Der Missionar – ein freiheitsliebender Abenteurer?


Man hat mir schon gesagt. „Euch ältere Missionäre zieht der Drang nach Freiheit in die Mission zurück.“ Freiheit? Gewiss, frische Luft atmen wir dort den ganzen Tag, nicht die verdorbene zwischen vier Wänden. Auch kann Eifer und Tatendrang, weil ungehemmt, dort Großes leisten – dem Bürokratismus sind die Tropen zu schwül. Im Übrigen aber befolgen wir von morgens halb fünf bis abends 10 Uhr eine straffe, anstrengende Tagesordnung: da fehlt keine Übung des religiösen Lebens – nur die nötige Erholungszeit! Unterricht und körperliche Arbeit folgen sich tagsüber, und die Nachtruhe wird meist noch gestört, weil die Schwarzen den Missionär als Arzt und Priester zu jeder Zeit und für jede Kleinigkeit rufen, nicht bloß in Lebensgefahr; an ihm daraus erwachsende Gefahren denken sie nicht.

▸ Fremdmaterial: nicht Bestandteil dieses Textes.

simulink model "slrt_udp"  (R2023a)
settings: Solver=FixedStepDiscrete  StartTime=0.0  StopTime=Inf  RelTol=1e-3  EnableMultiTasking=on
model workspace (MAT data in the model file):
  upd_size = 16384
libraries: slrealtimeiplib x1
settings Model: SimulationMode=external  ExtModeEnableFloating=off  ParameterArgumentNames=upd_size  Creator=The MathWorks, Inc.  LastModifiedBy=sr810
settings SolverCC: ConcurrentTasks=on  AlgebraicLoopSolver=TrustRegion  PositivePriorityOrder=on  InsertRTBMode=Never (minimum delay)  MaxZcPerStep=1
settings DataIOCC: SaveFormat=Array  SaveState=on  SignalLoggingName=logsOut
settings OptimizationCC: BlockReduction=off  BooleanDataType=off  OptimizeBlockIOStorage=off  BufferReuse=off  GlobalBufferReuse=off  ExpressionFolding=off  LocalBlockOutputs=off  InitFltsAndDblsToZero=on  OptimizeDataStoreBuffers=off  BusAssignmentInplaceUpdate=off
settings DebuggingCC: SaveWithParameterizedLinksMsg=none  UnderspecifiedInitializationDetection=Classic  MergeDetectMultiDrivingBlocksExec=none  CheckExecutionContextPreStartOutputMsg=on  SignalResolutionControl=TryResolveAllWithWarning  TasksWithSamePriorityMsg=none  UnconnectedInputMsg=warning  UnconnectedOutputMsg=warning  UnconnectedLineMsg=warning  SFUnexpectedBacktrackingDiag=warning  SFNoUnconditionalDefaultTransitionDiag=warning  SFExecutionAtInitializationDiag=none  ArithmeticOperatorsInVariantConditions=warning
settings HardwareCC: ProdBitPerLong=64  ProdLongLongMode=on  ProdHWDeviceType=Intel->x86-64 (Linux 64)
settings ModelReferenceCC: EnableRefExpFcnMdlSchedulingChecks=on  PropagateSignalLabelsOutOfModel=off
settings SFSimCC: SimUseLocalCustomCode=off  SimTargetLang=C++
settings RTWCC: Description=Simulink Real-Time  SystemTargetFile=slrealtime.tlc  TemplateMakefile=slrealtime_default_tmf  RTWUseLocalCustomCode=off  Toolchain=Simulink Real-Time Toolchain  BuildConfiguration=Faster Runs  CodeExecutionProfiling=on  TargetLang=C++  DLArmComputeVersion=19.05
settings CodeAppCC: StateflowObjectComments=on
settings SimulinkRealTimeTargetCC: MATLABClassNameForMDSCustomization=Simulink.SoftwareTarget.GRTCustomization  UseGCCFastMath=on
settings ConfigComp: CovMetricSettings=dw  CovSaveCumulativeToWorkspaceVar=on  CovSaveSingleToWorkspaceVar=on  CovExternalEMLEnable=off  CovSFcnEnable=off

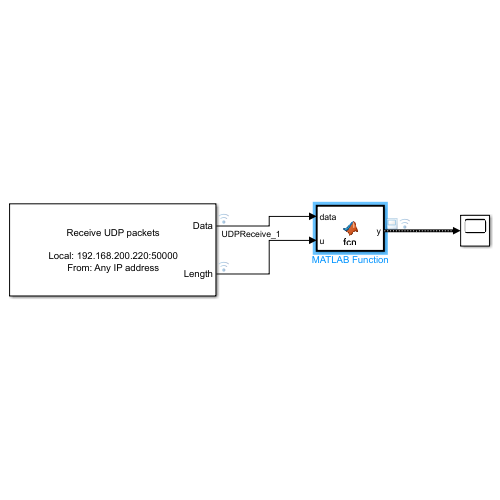
[thumbnail: Simulink's stored preview of the top-level diagram]
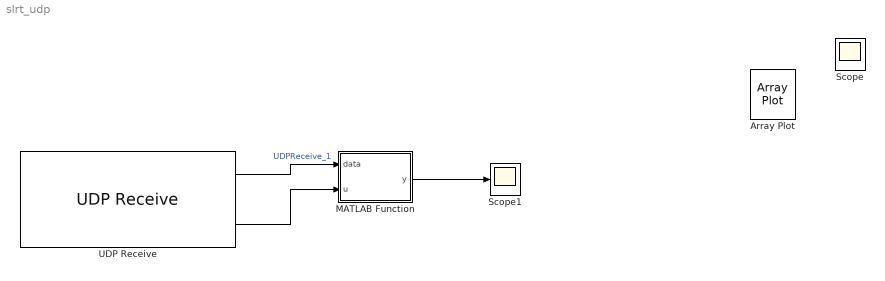
== system slrt_udp ==
  MATLAB Function : MATLAB Function  TreatAsAtomicUnit=on
  Scope1 : Scope
  UDP Receive : slrealtimeiplib/UDP Receive  useHostTargetConn=off  ipAddress=192.168.200.220  localPort=50000  rcvWidth=1228  rcvFmAny=on  fmAddress=192.168.200.200  sampleTime=0.01  enableMessage=off  maxPackets=1
  Array Plot : ArrayPlot  IOType=viewer  WindowPosition=[481.000000,141.000000,800.000000,500.000000,]  IsFloating=on  ScopeFrameLocation=window  PlotAsMagnitudePhase=on  YLimits=[0,10]  DefaultConfigurationName=dsp.scopes.ArrayPlotBlockSpecification
  Scope : Scope
  wires:
  UDP Receive/1 -> MATLAB Function/1(data)  "UDPReceive_1"
  UDP Receive/2 -> MATLAB Function/2(u)
  MATLAB Function/1(y) -> Scope1/1

== matlab function slrt_udp/MATLAB Function ==
  data: data input; u input; y output double size=20
function y  = fcn(data,u)
%tmp= read(app.rtEEG_obj.udpObj, app.rtEEG_obj.udpObj.NumBytesAvailable);
%[y]=rteeg_decode_bare(data(1:u));
%y=data(1);

numChannels=20;
numSampleBundles=20; %2000 Hz / 100 Hz
y=zeros(numChannels*numSampleBundles,1);

sample=uint8(data(29:28+3*numChannels*numSampleBundles));

rsample=reshape(sample,[3, length(sample)/3]);
rsample24=rteeg_read_int24(rsample);

y=reshape(rsample24, [numChannels, numSampleBundles]);
%y=randn(numChannels,1);

Die zweite und dritte Ausreise fällt dem Glaubensboten meist schwerer als die erste, wo noch der Reiz der Neuheit und Erwartung ihn trägt. Was aber zieht ihn dennoch wieder in die Mission zurück? Er hat das Elend der Heiden geschaut und ein mitleidsvolles Herz glüht darum in seiner Brust. Hunger und Durst nach der erlösungsbringenden Lehre hat er bei den Naturvölkern gefunden, begeisterte Liebe für Christus und heldenhaften Opfersinn in Erfüllung ihrer Christenpflichten, dazu eine kindliche Anhänglichkeit und tätige Dankbarkeit für ihren Missionär, der ihr Seelenretter und Bringer wahren Glückes ist. Solche Gesinnung ist es, die anzieht.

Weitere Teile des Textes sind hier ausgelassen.